You may need to edit the configuration file and reload the daemon.
ssh -w any -N -n remexe & # in background
Executing on both localhost and remexe, identify which tunnel device is being used. If there are several, the date on the symbolic link is the date when the tunnel was created, which you should know. The examples assume that both are using tun0.
ls -l /sys/class/net
Assign IP addresses to the endpoints; I'm using 192.168.1.1 on remexe and 192.168.1.2 on localhost. Create a point-to-point route between them through the tunnel. On remexe do this:
ifconfig tun0 192.168.1.1
route add -host 192.168.1.2 dev tun0
On localhost do this, interchanging the IP addresses:
ifconfig tun0 192.168.1.2
route add -host 192.168.1.1 dev tun0
To test the tunnel, try this on localhost:
ssh 192.168.1.1 uname -a
It will ask you to confirm the validity of remexe's host key; or if your security rules are extra paranoid you can pre-add 192.168.1.1 as an IP address of remexe in $HOME/.ssh/known_hosts.

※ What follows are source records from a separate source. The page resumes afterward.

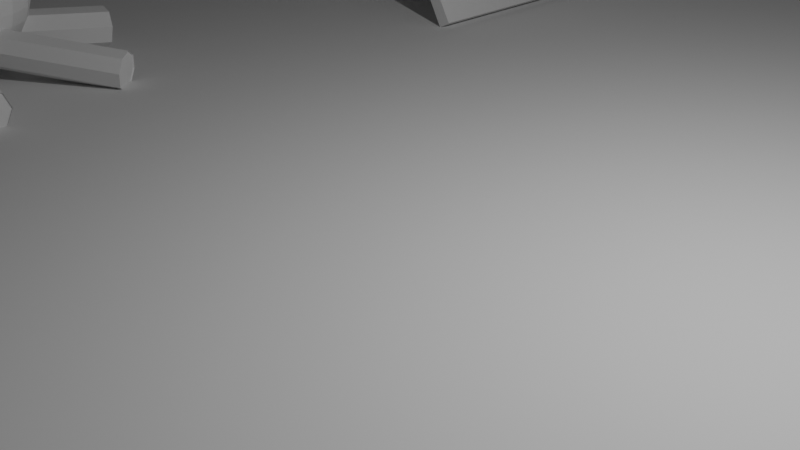 # Source: MedievalCamp.blend  (saved by Blender 5.1.30; exported with 4.5.12 LTS)
import bpy
from mathutils import Matrix  # noqa: F401  (used for matrix-valued properties, if any)

bpy.ops.wm.read_factory_settings(use_empty=True)
scene = bpy.context.scene
scene.name = 'Scene'

# ---- collections
col_collection = bpy.data.collections.new('Collection'); scene.collection.children.link(col_collection)

# ---- materials (node trees are filled in below, after node groups)
mat_material = bpy.data.materials.new('Material')
mat_material.alpha_threshold = 0.0
mat_material.use_backface_culling_lightprobe_volume = False
mat_material.roughness = 0.5
mat_material.line_color = (0.0, 0.0, 0.0, 1.0)

# ---- material node trees
mat_material.use_nodes = True; mat_material.node_tree.nodes.clear()
_N = mat_material.node_tree.nodes; _L = mat_material.node_tree.links
n0 = _N.new('ShaderNodeOutputMaterial'); n0.name = 'Material Output'; n0.location = (200, 100)
n1 = _N.new('ShaderNodeBsdfPrincipled'); n1.name = 'Principled BSDF'; n1.location = (-200, 100)
_L.new(n1.outputs[0], n0.inputs[0])
n0.is_active_output = True

# ---- world
world_world = bpy.data.worlds.new('World'); scene.world = world_world
world_world.use_nodes = True; world_world.node_tree.nodes.clear()
_N = world_world.node_tree.nodes; _L = world_world.node_tree.links
n0 = _N.new('ShaderNodeOutputWorld'); n0.name = 'World Output'; n0.location = (200, 100)
n1 = _N.new('ShaderNodeBackground'); n1.name = 'Background'; n1.location = (-200, 100)
n1.inputs[0].default_value = (0.05088, 0.05088, 0.05088, 1.0)
_L.new(n1.outputs[0], n0.inputs[0])
n0.is_active_output = True
world_world.color = (0.05088, 0.05088, 0.05088)
world_world.sun_shadow_jitter_overblur = 0.0

# ---- cameras
cam_camera = bpy.data.cameras.new('Camera')
cam_camera.clip_end = 100.0
cam_camera.ortho_scale = 7.314

# ---- lights
light_light = bpy.data.lights.new('Light', 'POINT')
light_light.energy = 1000.0
light_light.shadow_soft_size = 0.1

# ---- meshes
me_cube = bpy.data.meshes.new('Cube')
me_cube.from_pydata([(0.1064, 2.719, 1.0), (0.1064, 2.719, -1.0), (0.1064, -2.646, 1.0), (0.1064, -2.646, -1.0), (-0.1064, 2.646, 1.0), (-0.1064, 2.646, -1.0), (-0.1064, -2.646, 1.0), (-0.1064, -2.646, -1.0), (0.1064, -2.646, 2.987), (-0.1064, -2.646, 2.987), (0.1064, 2.719, 2.987), (-0.1064, 2.646, 2.987), (1.934, 2.646, 2.178), (3.666, 2.646, 1.178), (1.934, -2.646, 2.178), (3.666, -2.646, 1.178), (1.828, 2.759, 1.994), (3.56, 2.759, 0.9938), (1.828, -2.646, 1.994), (3.56, -2.646, 0.9938), (0.2137, -2.646, 3.171), (0.1073, -2.646, 2.987), (0.2137, 2.686, 3.171), (0.1073, 2.759, 2.987), (-0.06131, -2.646, 3.278), (-0.06131, 2.646, 3.278), (0.1069, -2.646, 2.987), (0.1069, 2.646, 2.987)], [], [(6, 2, 8, 9), (3, 2, 6, 7), (7, 6, 4, 5), (5, 1, 3, 7), (1, 0, 2, 3), (5, 4, 0, 1), (10, 11, 9, 8), (4, 6, 9, 11), (2, 0, 10, 8), (0, 4, 11, 10), (18, 14, 20, 21), (15, 14, 18, 19), (19, 18, 16, 17), (17, 13, 15, 19), (13, 12, 14, 15), (17, 16, 12, 13), (22, 23, 21, 20), (16, 18, 21, 23), (14, 12, 22, 20), (12, 16, 23, 22), (25, 24, 20, 22), (26, 8, 9, 24), (25, 22, 23, 27), (11, 25, 27, 10), (21, 26, 24, 20), (11, 9, 24, 25), (0, 10, 23, 16, 17, 1), (25, 11, 23, 22)])
_uv = me_cube.uv_layers.new(name='UVMap')
_uv.uv.foreach_set('vector', [0.625, 1.0, 0.625, 0.75, 0.625, 0.75, 0.625, 1.0, 0.375, 0.75, 0.625, 0.75, 0.625, 1.0, 0.375, 1.0, 0.375, 0.0, 0.625, 0.0, 0.625, 0.25, 0.375, 0.25, 0.125, 0.5, 0.375, 0.5, 0.375, 0.75, 0.125, 0.75, 0.375, 0.5, 0.625, 0.5, 0.625, 0.75, 0.375, 0.75, 0.375, 0.25, 0.625, 0.25, 0.625, 0.5, 0.375, 0.5, 0.625, 0.5, 0.875, 0.5, 0.875, 0.75, 0.625, 0.75, 0.625, 0.25, 0.625, 0.0, 0.625, 0.0, 0.625, 0.25, 0.625, 0.75, 0.625, 0.5, 0.625, 0.5, 0.625, 0.75, 0.625, 0.5, 0.625, 0.25, 0.625, 0.25, 0.625, 0.5, 0.625, 1.0, 0.625, 0.75, 0.625, 0.75, 0.625, 1.0, 0.375, 0.75, 0.625, 0.75, 0.625, 1.0, 0.375, 1.0, 0.375, 0.0, 0.625, 0.0, 0.625, 0.25, 0.375, 0.25, 0.125, 0.5, 0.375, 0.5, 0.375, 0.75, 0.125, 0.75, 0.375, 0.5, 0.625, 0.5, 0.625, 0.75, 0.375, 0.75, 0.375, 0.25, 0.625, 0.25, 0.625, 0.5, 0.375, 0.5, 0.625, 0.5, 0.875, 0.5, 0.875, 0.75, 0.625, 0.75, 0.625, 0.25, 0.625, 0.0, 0.625, 0.0, 0.625, 0.25, 0.625, 0.75, 0.625, 0.5, 0.625, 0.5, 0.625, 0.75, 0.625, 0.5, 0.625, 0.25, 0.625, 0.25, 0.625, 0.5, 0.75, 0.5, 0.75, 0.75, 0.625, 0.75, 0.625, 0.5, 0.0, 0.0, 0.0, 0.0, 0.0, 0.0, 0.0, 0.0, 0.0, 0.0, 0.0, 0.0, 0.0, 0.0, 0.0, 0.0, 0.0, 0.0, 0.0, 0.0, 0.0, 0.0, 0.0, 0.0, 0.0, 0.0, 0.0, 0.0, 0.0, 0.0, 0.0, 0.0, 0.875, 0.5, 0.875, 0.75, 0.75, 0.75, 0.75, 0.5, 0.0, 0.0, 0.0, 0.0, 0.0, 0.0, 0.0, 0.0, 0.0, 0.0, 0.0, 0.0, 0.0, 0.0, 0.0, 0.0, 0.875, 0.5, 0.625, 0.5])
me_cube.materials.append(mat_material)
me_cube.use_mirror_vertex_groups = False
me_cube.update()
me_plan = bpy.data.meshes.new('Plan')
me_plan.from_pydata([(-1.0, -1.0, 0.0), (1.0, -1.0, 0.0), (-1.0, 1.0, 0.0), (1.0, 1.0, 0.0)], [], [(0, 1, 3, 2)])
_uv = me_plan.uv_layers.new(name='CarteUV')
_uv.uv.foreach_set('vector', [0.0, 0.0, 1.0, 0.0, 1.0, 1.0, 0.0, 1.0])
me_plan.update()
me_cylindre_002 = bpy.data.meshes.new('Cylindre.002')
me_cylindre_002.from_pydata([(-3.58, 1.035, 0.5556), (-1.475, -0.4144, 0.7987), (-3.466, 1.191, 0.4916), (-1.36, -0.2583, 0.7347), (-3.388, 1.269, 0.2833), (-1.283, -0.1809, 0.5264), (-3.394, 1.222, 0.05265), (-1.288, -0.2275, 0.2958), (-3.479, 1.079, -0.06516), (-1.373, -0.3708, 0.178), (-3.594, 0.9229, -0.001145), (-1.488, -0.5269, 0.242), (-3.671, 0.8455, 0.2072), (-1.566, -0.6044, 0.4503), (-3.666, 0.8921, 0.4378), (-1.56, -0.5578, 0.6809), (-3.563, 1.024, 0.5526), (-3.45, 1.178, 0.4896), (-1.378, -0.2488, 0.7288), (-1.491, -0.4024, 0.7918), (-3.373, 1.254, 0.2846), (-1.302, -0.1726, 0.5238), (-3.379, 1.208, 0.05771), (-1.307, -0.2185, 0.2969), (-3.463, 1.067, -0.05821), (-1.391, -0.3595, 0.181), (-3.576, 0.9134, 0.004775), (-1.504, -0.5131, 0.244), (-3.652, 0.8372, 0.2098), (-1.58, -0.5893, 0.449), (-3.646, 0.883, 0.4367), (-1.575, -0.5434, 0.6759), (-1.36, -0.7143, 0.8694), (-1.36, -3.078, 0.5699), (-1.137, -0.7028, 0.7786), (-1.137, -3.066, 0.4791), (-1.045, -0.675, 0.5595), (-1.045, -3.039, 0.26), (-1.137, -0.6473, 0.3403), (-1.137, -3.011, 0.0408), (-1.36, -0.6358, 0.2495), (-1.36, -2.999, -0.04998), (-1.584, -0.6473, 0.3403), (-1.584, -3.011, 0.0408), (-1.676, -0.675, 0.5595), (-1.676, -3.039, 0.26), (-1.584, -0.7028, 0.7786), (-1.584, -3.066, 0.4791), (-1.36, -0.7327, 0.862), (-1.141, -0.7214, 0.7727), (-1.141, -3.047, 0.478), (-1.36, -3.058, 0.5673), (-1.05, -0.694, 0.5571), (-1.05, -3.02, 0.2624), (-1.141, -0.6667, 0.3414), (-1.141, -2.992, 0.04674), (-1.36, -0.6554, 0.2521), (-1.36, -2.981, -0.04258), (-1.58, -0.6667, 0.3414), (-1.58, -2.992, 0.04674), (-1.671, -0.694, 0.5571), (-1.671, -3.02, 0.2624), (-1.58, -0.7214, 0.7727), (-1.58, -3.047, 0.478), (-0.9527, -0.6018, 0.8346), (1.229, -0.9136, 0.5349), (-0.9325, -0.3776, 0.7481), (1.249, -0.6894, 0.4484), (-0.9481, -0.278, 0.5315), (1.234, -0.5898, 0.2317), (-0.9902, -0.3613, 0.3115), (1.192, -0.6732, 0.01181), (-1.034, -0.5788, 0.2171), (1.148, -0.8906, -0.08259), (-1.054, -0.803, 0.3036), (1.127, -1.115, 0.003867), (-1.039, -0.9026, 0.5203), (1.143, -1.214, 0.2205), (-0.9967, -0.8193, 0.7402), (1.185, -1.131, 0.4405), (-0.9358, -0.6041, 0.8272), (-0.916, -0.3835, 0.7421), (1.231, -0.6903, 0.4472), (1.211, -0.9109, 0.5323), (-0.9312, -0.2855, 0.529), (1.215, -0.5923, 0.2341), (-0.9727, -0.3675, 0.3126), (1.174, -0.6743, 0.01767), (-1.016, -0.5815, 0.2197), (1.131, -0.8883, -0.07521), (-1.036, -0.8021, 0.3048), (1.111, -1.109, 0.009854), (-1.021, -0.9001, 0.5179), (1.126, -1.207, 0.223), (-0.9791, -0.8181, 0.7343), (1.168, -1.125, 0.4394), (-1.037, -0.2222, 0.768), (0.8795, 1.244, 0.47), (-1.156, -0.08838, 0.6588), (0.7602, 1.378, 0.3608), (-1.205, -0.06497, 0.4562), (0.7108, 1.401, 0.1581), (-1.156, -0.1656, 0.2787), (0.7602, 1.3, -0.01927), (-1.037, -0.3314, 0.2305), (0.8795, 1.135, -0.06753), (-0.9172, -0.4652, 0.3396), (0.9989, 1.001, 0.04163), (-0.8678, -0.4886, 0.5423), (1.048, 0.9773, 0.2443), (-0.9172, -0.388, 0.7197), (0.9989, 1.078, 0.4217), (-1.021, -0.2113, 0.7612), (-1.139, -0.07962, 0.6538), (0.7467, 1.363, 0.3606), (0.8641, 1.231, 0.468), (-1.187, -0.05659, 0.4545), (0.6981, 1.386, 0.1612), (-1.139, -0.1556, 0.2799), (0.7467, 1.287, -0.01332), (-1.021, -0.3188, 0.2324), (0.8641, 1.124, -0.06081), (-0.9037, -0.4504, 0.3398), (0.9815, 0.992, 0.0466), (-0.8551, -0.4734, 0.5392), (1.03, 0.969, 0.246), (-0.9037, -0.3744, 0.7137), (0.9815, 1.068, 0.4205), (-3.46, -1.989, 0.598), (-1.554, -0.731, 0.7206), (-3.562, -1.827, 0.5209), (-1.656, -0.569, 0.6435), (-3.604, -1.742, 0.3049), (-1.698, -0.4839, 0.4276), (-3.562, -1.783, 0.07662), (-1.656, -0.5257, 0.1992), (-3.46, -1.927, -0.03032), (-1.554, -0.6697, 0.0923), (-3.358, -2.089, 0.04678), (-1.452, -0.8318, 0.1694), (-3.316, -2.174, 0.2627), (-1.41, -0.9168, 0.3854), (-3.358, -2.133, 0.4911), (-1.452, -0.8751, 0.6137), (-3.445, -1.978, 0.5939), (-3.545, -1.819, 0.5181), (-1.67, -0.5812, 0.6387), (-1.569, -0.7406, 0.7146), (-3.587, -1.735, 0.3056), (-1.711, -0.4975, 0.4262), (-3.545, -1.776, 0.08094), (-1.67, -0.5386, 0.2016), (-3.445, -1.918, -0.02428), (-1.569, -0.6804, 0.09637), (-3.345, -2.077, 0.05158), (-1.469, -0.8398, 0.1722), (-3.303, -2.161, 0.2641), (-1.427, -0.9235, 0.3847), (-3.345, -2.12, 0.4887), (-1.469, -0.8824, 0.6094), (-1.285, -0.04415, 3.307), (-1.294, 0.1424, 3.201), (-1.324, 0.3077, 2.92), (-1.382, 0.5839, 2.086), (-1.326, 0.785, 1.425), (-1.312, 0.8497, 1.223), (-1.301, 0.8712, 0.8441), (-1.308, 0.74, 0.493), (-1.326, 0.4839, 0.2238), (-1.336, 0.3223, 0.133), (-1.346, 0.1457, 0.07586), (-1.356, -0.03976, 0.05461), (-1.219, 0.1293, 3.202), (-1.176, 0.2844, 2.924), (-1.15, 0.4199, 2.532), (-1.11, 0.552, 2.101), (-1.051, 0.6717, 1.723), (-1.002, 0.7665, 1.439), (-0.9714, 0.8291, 1.236), (-0.9583, 0.8551, 1.046), (-0.9619, 0.8431, 0.8552), (-0.9823, 0.793, 0.6705), (-1.018, 0.7084, 0.4996), (-1.068, 0.5955, 0.35), (-1.128, 0.4586, 0.2272), (-1.198, 0.303, 0.1354), (-1.275, 0.1347, 0.07719), (-1.155, 0.08923, 3.203), (-1.049, 0.2089, 2.927), (-0.9651, 0.3144, 2.539), (-0.8735, 0.4176, 2.114), (-0.7828, 0.5196, 1.738), (-0.7122, 0.5997, 1.454), (-0.6681, 0.6495, 1.249), (-0.6519, 0.6687, 1.057), (-0.6637, 0.6568, 0.8631), (-0.7029, 0.6155, 0.6761), (-0.7671, 0.549, 0.5039), (-0.854, 0.4599, 0.3529), (-0.9602, 0.3517, 0.229), (-1.082, 0.2287, 0.1366), (-1.215, 0.09649, 0.0779), (-1.112, 0.02816, 3.204), (-0.9643, 0.09181, 2.93), (-0.8406, 0.1481, 2.545), (-0.7148, 0.2064, 2.121), (-0.5965, 0.2657, 1.747), (-0.5079, 0.3122, 1.462), (-0.4536, 0.3396, 1.256), (-0.4354, 0.3485, 1.061), (-0.4532, 0.3411, 0.8662), (-0.5058, 0.3194, 0.6786), (-0.5911, 0.284, 0.5057), (-0.706, 0.2364, 0.3541), (-0.8454, 0.1778, 0.2298), (-1.004, 0.1102, 0.1369), (-1.176, 0.03662, 0.07797), (-1.096, -0.04465, 3.205), (-0.9335, -0.04904, 2.932), (-0.7951, -0.05372, 2.549), (-0.6571, -0.05082, 2.126), (-0.53, -0.04148, 1.751), (-0.4357, -0.03518, 1.464), (-0.3785, -0.0342, 1.256), (-0.3593, -0.0342, 1.061), (-0.3785, -0.0342, 0.8662), (-0.4354, -0.0342, 0.6786), (-0.5278, -0.0342, 0.5057), (-0.6522, -0.0342, 0.3542), (-0.8039, -0.03411, 0.2296), (-0.9772, -0.03386, 0.1363), (-1.164, -0.03557, 0.07741), (-1.111, -0.118, 3.205), (-0.9615, -0.1918, 2.933), (-0.8354, -0.2594, 2.551), (-0.7144, -0.3116, 2.13), (-0.5914, -0.3516, 1.752), (-0.5057, -0.3866, 1.464), (-0.4532, -0.4095, 1.256), (-0.4355, -0.4169, 1.061), (-0.4532, -0.4095, 0.8661), (-0.5059, -0.3877, 0.6784), (-0.5914, -0.3522, 0.5053), (-0.7065, -0.3044, 0.3534), (-0.847, -0.2461, 0.2282), (-1.008, -0.1793, 0.1346), (-1.18, -0.1086, 0.07623), (-1.153, -0.1806, 3.205), (-1.044, -0.314, 2.933), (-0.9753, -0.4347, 2.558), (-0.9371, -0.5214, 2.152), (-0.7893, -0.6003, 1.753), (-0.7066, -0.6697, 1.459), (-0.6671, -0.715, 1.251), (-0.6541, -0.7327, 1.057), (-0.6681, -0.7222, 0.8616), (-0.7087, -0.6839, 0.674), (-0.7743, -0.6195, 0.501), (-0.8625, -0.5318, 0.3491), (-0.9699, -0.4245, 0.2244), (-1.092, -0.302, 0.1316), (-1.224, -0.1707, 0.07448), (-1.216, -0.2227, 3.205), (-1.168, -0.3965, 2.932), (-1.175, -0.5465, 2.562), (-1.221, -0.6434, 2.16), (-1.09, -0.7385, 1.749), (-1.009, -0.83, 1.445), (-0.9895, -0.8895, 1.236), (-0.9834, -0.9157, 1.042), (-0.9917, -0.9069, 0.8474), (-1.014, -0.8629, 0.6611), (-1.049, -0.785, 0.4899), (-1.097, -0.676, 0.3402), (-1.154, -0.5401, 0.2178), (-1.219, -0.3827, 0.1273), (-1.288, -0.2123, 0.07236), (-1.291, -0.238, 3.205), (-1.315, -0.4265, 2.931), (-1.369, -0.58, 2.551), (-1.437, -0.6731, 2.131), (-1.382, -0.7585, 1.725), (-1.367, -0.8406, 1.424), (-1.357, -0.8912, 1.215), (-1.352, -0.9162, 1.022), (-1.36, -0.9195, 0.8275), (-1.372, -0.8927, 0.6415), (-1.375, -0.8209, 0.4733), (-1.373, -0.7119, 0.3277), (-1.371, -0.5723, 0.2092), (-1.368, -0.4079, 0.1223), (-1.363, -0.2273, 0.0702), (-1.366, -0.2241, 3.204), (-1.462, -0.3998, 2.929), (-1.559, -0.5328, 2.539), (-1.638, -0.6032, 2.1), (-1.687, -0.6563, 1.703), (-1.711, -0.6982, 1.403), (-1.702, -0.7183, 1.196), (-1.696, -0.7342, 1.003), (-1.706, -0.7569, 0.8092), (-1.716, -0.765, 0.6238), (-1.699, -0.7292, 0.4568), (-1.649, -0.6403, 0.3156), (-1.587, -0.5209, 0.2013), (-1.515, -0.3767, 0.1179), (-1.437, -0.2136, 0.0684), (-1.43, -0.1833, 3.204), (-1.587, -0.321, 2.926), (-1.741, -0.4154, 2.533), (-1.866, -0.4479, 2.089), (-1.96, -0.4655, 1.685), (-2.024, -0.5013, 1.38), (-2.053, -0.5302, 1.169), (-2.063, -0.5544, 0.9749), (-2.058, -0.5742, 0.7853), (-2.03, -0.5774, 0.6068), (-1.965, -0.5467, 0.4464), (-1.874, -0.4872, 0.3083), (-1.762, -0.4033, 0.1967), (-1.635, -0.2975, 0.1154), (-1.498, -0.1742, 0.06736), (-1.473, -0.1221, 3.203), (-1.672, -0.2032, 2.923), (-1.865, -0.2502, 2.529), (-2.025, -0.2416, 2.079), (-2.132, -0.2398, 1.679), (-2.192, -0.2646, 1.375), (-2.234, -0.2915, 1.162), (-2.259, -0.3102, 0.9703), (-2.256, -0.3207, 0.7832), (-2.207, -0.3223, 0.6062), (-2.123, -0.3105, 0.446), (-2.009, -0.2832, 0.3079), (-1.869, -0.2406, 0.1964), (-1.709, -0.1839, 0.1152), (-1.536, -0.1155, 0.06731), (-1.488, -0.04971, 3.202), (-1.703, -0.06417, 2.921), (-1.912, -0.06152, 2.525), (-2.079, -0.01983, 2.074), (-2.174, -0.003091, 1.68), (-2.201, -0.0181, 1.374), (-2.229, -0.03011, 1.161), (-2.26, -0.03342, 0.972), (-2.273, -0.03415, 0.7885), (-2.241, -0.03896, 0.613), (-2.156, -0.0478, 0.4515), (-2.038, -0.05307, 0.3122), (-1.894, -0.05421, 0.1995), (-1.728, -0.05154, 0.1172), (-1.546, -0.04597, 0.06822), (-1.474, 0.02286, 3.201), (-1.676, 0.07516, 2.919), (-1.875, 0.1259, 2.521), (-2.024, 0.1936, 2.072), (-2.101, 0.231, 1.684), (-2.138, 0.2473, 1.387), (-2.167, 0.259, 1.178), (-2.185, 0.2668, 0.9877), (-2.18, 0.2653, 0.8008), (-2.137, 0.2478, 0.6221), (-2.063, 0.218, 0.4594), (-1.961, 0.1801, 0.3189), (-1.835, 0.1348, 0.2048), (-1.689, 0.08275, 0.1207), (-1.527, 0.02453, 0.06986), (-1.432, 0.08476, 3.201), (-1.595, 0.1943, 2.918), (-1.759, 0.288, 2.519), (-1.871, 0.3784, 2.072), (-1.913, 0.4377, 1.689), (-1.939, 0.4844, 1.399), (-1.959, 0.5195, 1.193), (-1.964, 0.5374, 1.001), (-1.951, 0.5358, 0.8129), (-1.919, 0.5109, 0.6338), (-1.867, 0.4616, 0.4701), (-1.795, 0.3918, 0.3277), (-1.705, 0.3044, 0.2114), (-1.6, 0.2014, 0.125), (-1.482, 0.08564, 0.07192), (-1.369, 0.1267, 3.201), (-1.471, 0.2758, 2.918), (-1.58, 0.4028, 2.521), (-1.647, 0.5159, 2.076), (-1.651, 0.601, 1.697), (-1.649, 0.6737, 1.411), (-1.652, 0.7287, 1.208), (-1.65, 0.7573, 1.018), (-1.642, 0.7549, 0.8297), (-1.626, 0.719, 0.6491), (-1.602, 0.6492, 0.4828), (-1.569, 0.5505, 0.3374), (-1.527, 0.4282, 0.2182), (-1.476, 0.2859, 0.1294), (-1.419, 0.1283, 0.07403), (-1.366, 0.4501, 2.525), (-1.353, 0.6931, 1.708), (-1.304, 0.8794, 1.033), (-1.302, 0.8243, 0.6617), (-1.316, 0.6247, 0.3452), (-1.017, 1.973, 0.5654), (-1.366, -0.07409, 0.7849), (-0.7832, 1.929, 0.5296), (-1.133, -0.1178, 0.749), (-0.6478, 1.885, 0.3395), (-0.9971, -0.1613, 0.5589), (-0.6899, 1.868, 0.1065), (-1.039, -0.1791, 0.3259), (-0.8848, 1.886, -0.0329), (-1.234, -0.1608, 0.1866), (-1.118, 1.93, 0.002964), (-1.468, -0.1171, 0.2224), (-1.254, 1.973, 0.1931), (-1.603, -0.07355, 0.4125), (-1.212, 1.991, 0.4261), (-1.561, -0.05576, 0.6455), (-1.019, 1.956, 0.5624), (-0.7887, 1.913, 0.5271), (-1.132, -0.1013, 0.743), (-1.362, -0.05832, 0.7783), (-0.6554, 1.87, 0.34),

If you need to monkey with your firewall, now is the time to do it.
Now start the Xephyr X-server on localhost. It opens a window on your display which it uses as a framebuffer for the X objects sent from remexe. It will connect through the tunnel to remexe and attempt to get a session.
Xephyr :2 -screen 1024x768 -from 192.168.1.2 -query 192.168.1.1
What could go wrong?
A raw X session over a DSL line can be quite slow. Give it plenty of time: as much as a minute to send over the greeter window(s) and the background picture.
The most likely case is that Xephyr sends XDMCP solicitation packets and gets no reply, due to an error setting up the tunnel, or firewall paranoia, or if xdm is not running on remexe. It will keep trying for two to three minutes, then print a message and some statistics. But it will not exit; you have to kill it or close the window explicitly.
You can use tcpdump on either end of the tunnel. This command line just spits out every packet.
tcpdump -i tun0 -l
If xdm is configured to reject your X-server, Xephyr will print the rejection message followed by statistics.
It is also possible that xdm tries to put a greeter on the X-server but the packets are blocked or are rejected by the X-server. tcpdump could distinguish between these cases.
If you do authenticate and start your session, expect it to go at the speed of an arthritic snail, unless you have a FIOS connection.
When finished, just kill Xephyr or close its window, and kill the ssh process for the tunnel. The tunnel devices and the routes through them will be deleted automatically.